In order to answer the question regarding ownership, a recent
paper looked at the large US pharmaceutical companies. Focusing on the years 2004-2014 (due to availability of data), the report noted that big pharma companies had become highly connected to each other through their shareholders. In response to questions from a
journalist, the authors of the paper noted:
“Public companies are increasingly owned by a handful of large institutional investors so we expected to see many ownership links between companies — what was more surprising was the magnitude of common ownership… we frequently find that more than 50 percent of a company is owned by ‘common’ shareholders who also own stakes in rival pharma companies.”
...In 2014, for instance, the largest investor in the three largest pharmaceutical companies (Johnson & Johnson, Merck & Co and Pfizer) was the same (BlackRock). This is the rule, not the exception. These three pharmaceutical companies share other large institutional investors, and are thus connected to each other, as well as to numerous other pharmaceutical companies, through so-called “common ownership links....
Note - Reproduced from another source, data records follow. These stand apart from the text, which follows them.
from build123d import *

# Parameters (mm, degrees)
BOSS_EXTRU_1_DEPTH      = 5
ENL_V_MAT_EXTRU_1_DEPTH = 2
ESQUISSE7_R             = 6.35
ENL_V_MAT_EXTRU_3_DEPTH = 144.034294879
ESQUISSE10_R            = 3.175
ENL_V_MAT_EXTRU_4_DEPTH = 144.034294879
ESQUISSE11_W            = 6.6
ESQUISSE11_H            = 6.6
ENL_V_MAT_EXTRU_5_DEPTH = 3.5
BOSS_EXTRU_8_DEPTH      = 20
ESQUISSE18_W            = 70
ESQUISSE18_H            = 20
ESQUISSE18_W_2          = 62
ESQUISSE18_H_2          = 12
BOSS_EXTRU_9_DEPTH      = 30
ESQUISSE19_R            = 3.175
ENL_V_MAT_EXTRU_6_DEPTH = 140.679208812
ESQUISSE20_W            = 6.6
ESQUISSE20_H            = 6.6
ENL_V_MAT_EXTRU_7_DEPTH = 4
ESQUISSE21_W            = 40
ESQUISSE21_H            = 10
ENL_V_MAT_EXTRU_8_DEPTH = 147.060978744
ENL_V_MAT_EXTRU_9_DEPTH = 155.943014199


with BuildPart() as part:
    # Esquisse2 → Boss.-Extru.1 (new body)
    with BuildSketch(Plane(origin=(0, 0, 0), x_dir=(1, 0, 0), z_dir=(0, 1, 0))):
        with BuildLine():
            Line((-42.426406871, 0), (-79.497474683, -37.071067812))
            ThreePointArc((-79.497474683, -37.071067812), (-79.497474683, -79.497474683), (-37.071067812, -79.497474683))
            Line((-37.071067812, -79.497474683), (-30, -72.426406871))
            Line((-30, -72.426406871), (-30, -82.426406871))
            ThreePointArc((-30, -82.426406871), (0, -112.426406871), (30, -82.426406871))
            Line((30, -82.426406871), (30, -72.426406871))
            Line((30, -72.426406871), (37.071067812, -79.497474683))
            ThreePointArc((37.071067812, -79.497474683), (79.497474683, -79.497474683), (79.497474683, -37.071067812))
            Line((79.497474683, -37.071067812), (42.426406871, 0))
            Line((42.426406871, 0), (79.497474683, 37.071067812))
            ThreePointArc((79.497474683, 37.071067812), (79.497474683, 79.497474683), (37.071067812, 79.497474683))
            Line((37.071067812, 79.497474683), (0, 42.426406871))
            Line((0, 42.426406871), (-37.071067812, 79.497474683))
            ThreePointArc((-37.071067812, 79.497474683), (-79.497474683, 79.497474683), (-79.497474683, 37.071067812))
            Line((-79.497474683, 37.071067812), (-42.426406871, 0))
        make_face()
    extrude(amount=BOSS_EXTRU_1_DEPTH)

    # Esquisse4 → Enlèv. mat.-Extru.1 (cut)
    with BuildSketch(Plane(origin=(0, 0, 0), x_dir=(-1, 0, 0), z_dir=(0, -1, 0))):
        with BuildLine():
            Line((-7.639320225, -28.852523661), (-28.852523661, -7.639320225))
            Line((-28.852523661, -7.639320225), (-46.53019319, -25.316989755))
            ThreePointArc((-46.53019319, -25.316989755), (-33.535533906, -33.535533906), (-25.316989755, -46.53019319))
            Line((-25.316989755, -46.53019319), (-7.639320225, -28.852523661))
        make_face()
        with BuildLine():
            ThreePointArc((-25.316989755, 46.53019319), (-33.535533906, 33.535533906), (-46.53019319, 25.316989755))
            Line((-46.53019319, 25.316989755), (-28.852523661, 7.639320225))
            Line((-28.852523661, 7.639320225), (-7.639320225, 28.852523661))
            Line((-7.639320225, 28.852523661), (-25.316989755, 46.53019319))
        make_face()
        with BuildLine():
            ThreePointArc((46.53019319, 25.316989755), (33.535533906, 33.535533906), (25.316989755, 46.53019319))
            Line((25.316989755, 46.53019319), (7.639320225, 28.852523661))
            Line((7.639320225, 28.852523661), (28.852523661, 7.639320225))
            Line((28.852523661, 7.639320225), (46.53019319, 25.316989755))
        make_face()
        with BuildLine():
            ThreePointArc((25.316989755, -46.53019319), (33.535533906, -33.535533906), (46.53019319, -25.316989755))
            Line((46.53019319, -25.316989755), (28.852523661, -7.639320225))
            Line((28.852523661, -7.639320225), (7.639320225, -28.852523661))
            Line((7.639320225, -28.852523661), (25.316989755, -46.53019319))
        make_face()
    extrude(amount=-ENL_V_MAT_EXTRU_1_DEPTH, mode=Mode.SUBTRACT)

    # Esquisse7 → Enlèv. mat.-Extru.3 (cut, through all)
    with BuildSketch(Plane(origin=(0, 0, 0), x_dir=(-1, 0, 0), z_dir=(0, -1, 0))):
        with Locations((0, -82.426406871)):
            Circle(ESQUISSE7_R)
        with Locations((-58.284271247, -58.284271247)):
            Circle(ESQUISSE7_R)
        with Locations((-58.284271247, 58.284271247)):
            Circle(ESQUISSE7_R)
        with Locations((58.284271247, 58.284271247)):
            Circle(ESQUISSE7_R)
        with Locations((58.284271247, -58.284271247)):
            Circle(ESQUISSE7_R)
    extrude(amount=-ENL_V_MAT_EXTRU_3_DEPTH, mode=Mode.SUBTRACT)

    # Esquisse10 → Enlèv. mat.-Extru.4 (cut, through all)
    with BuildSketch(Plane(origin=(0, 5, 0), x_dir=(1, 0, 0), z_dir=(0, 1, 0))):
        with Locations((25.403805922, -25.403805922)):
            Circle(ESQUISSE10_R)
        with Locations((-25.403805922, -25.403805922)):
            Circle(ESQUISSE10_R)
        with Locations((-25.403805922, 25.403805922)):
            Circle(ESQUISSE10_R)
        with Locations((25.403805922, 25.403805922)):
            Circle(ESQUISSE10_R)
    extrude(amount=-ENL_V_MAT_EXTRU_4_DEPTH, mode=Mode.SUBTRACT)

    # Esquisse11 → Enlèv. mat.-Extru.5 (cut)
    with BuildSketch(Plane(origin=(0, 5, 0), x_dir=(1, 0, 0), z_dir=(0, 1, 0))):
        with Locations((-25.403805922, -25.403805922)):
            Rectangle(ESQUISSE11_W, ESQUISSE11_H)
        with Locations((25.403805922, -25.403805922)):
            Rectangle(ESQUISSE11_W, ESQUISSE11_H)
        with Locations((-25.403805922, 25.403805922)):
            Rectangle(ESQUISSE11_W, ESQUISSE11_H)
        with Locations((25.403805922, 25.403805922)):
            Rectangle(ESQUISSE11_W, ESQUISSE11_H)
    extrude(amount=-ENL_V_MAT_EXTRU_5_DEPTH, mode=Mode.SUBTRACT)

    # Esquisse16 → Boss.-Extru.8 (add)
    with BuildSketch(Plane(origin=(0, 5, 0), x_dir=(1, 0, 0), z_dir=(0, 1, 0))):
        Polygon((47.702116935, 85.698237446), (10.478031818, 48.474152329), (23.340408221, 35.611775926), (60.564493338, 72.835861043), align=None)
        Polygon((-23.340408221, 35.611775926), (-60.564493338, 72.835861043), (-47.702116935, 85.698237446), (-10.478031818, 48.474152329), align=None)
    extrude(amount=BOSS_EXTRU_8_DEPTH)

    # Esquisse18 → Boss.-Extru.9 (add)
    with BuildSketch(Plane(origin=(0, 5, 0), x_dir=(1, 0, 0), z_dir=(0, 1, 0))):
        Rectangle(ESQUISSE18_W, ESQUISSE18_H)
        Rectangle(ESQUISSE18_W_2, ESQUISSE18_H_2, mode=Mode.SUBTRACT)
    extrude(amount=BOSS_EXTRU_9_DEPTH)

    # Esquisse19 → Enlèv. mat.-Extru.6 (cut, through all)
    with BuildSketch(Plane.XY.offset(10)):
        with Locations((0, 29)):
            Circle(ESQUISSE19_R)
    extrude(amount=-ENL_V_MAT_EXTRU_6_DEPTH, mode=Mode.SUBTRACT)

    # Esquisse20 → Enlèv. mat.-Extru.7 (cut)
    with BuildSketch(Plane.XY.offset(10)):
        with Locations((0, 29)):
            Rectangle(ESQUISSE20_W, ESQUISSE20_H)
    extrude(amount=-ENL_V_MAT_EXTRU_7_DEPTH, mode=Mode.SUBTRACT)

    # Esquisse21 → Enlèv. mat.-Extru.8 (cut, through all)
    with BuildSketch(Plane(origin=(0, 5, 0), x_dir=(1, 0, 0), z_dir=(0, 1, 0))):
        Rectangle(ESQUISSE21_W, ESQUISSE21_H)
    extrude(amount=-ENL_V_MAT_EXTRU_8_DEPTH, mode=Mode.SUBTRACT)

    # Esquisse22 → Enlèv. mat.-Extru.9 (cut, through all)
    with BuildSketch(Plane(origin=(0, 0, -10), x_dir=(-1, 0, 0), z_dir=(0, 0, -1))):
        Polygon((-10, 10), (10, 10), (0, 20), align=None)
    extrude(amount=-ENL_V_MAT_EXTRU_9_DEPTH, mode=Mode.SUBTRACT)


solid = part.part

. The top owners are BlackRock (Barclays), Fidelity Investments, State Street Global, Vanguard Group and Wellington Management.”
There is perhaps no single face behind Big Pharma, but on the other hand, it seems there aren’t thousands of faces either. It is much more concentrated than one would expect from publicly traded companies.
The question that naturally follows is: who then are the main shareholders of these institutional investors? Taking BlackRock as an example, it turns out that 44% of BlackRock is owned by the investment bank Merill Lynch. Among the remaining shareholders, the names of the same institutional investors mentioned previously are prominent (see below): BlackRock itself, State Street Global, Vanguard Group and Wellington Management. So they own each other, further locking them in a web of mutually beneficial incentives
: if I do well, you do well; if you do well, I do well. The idea of market competition seems rather nominal in light of such mutual dependencies.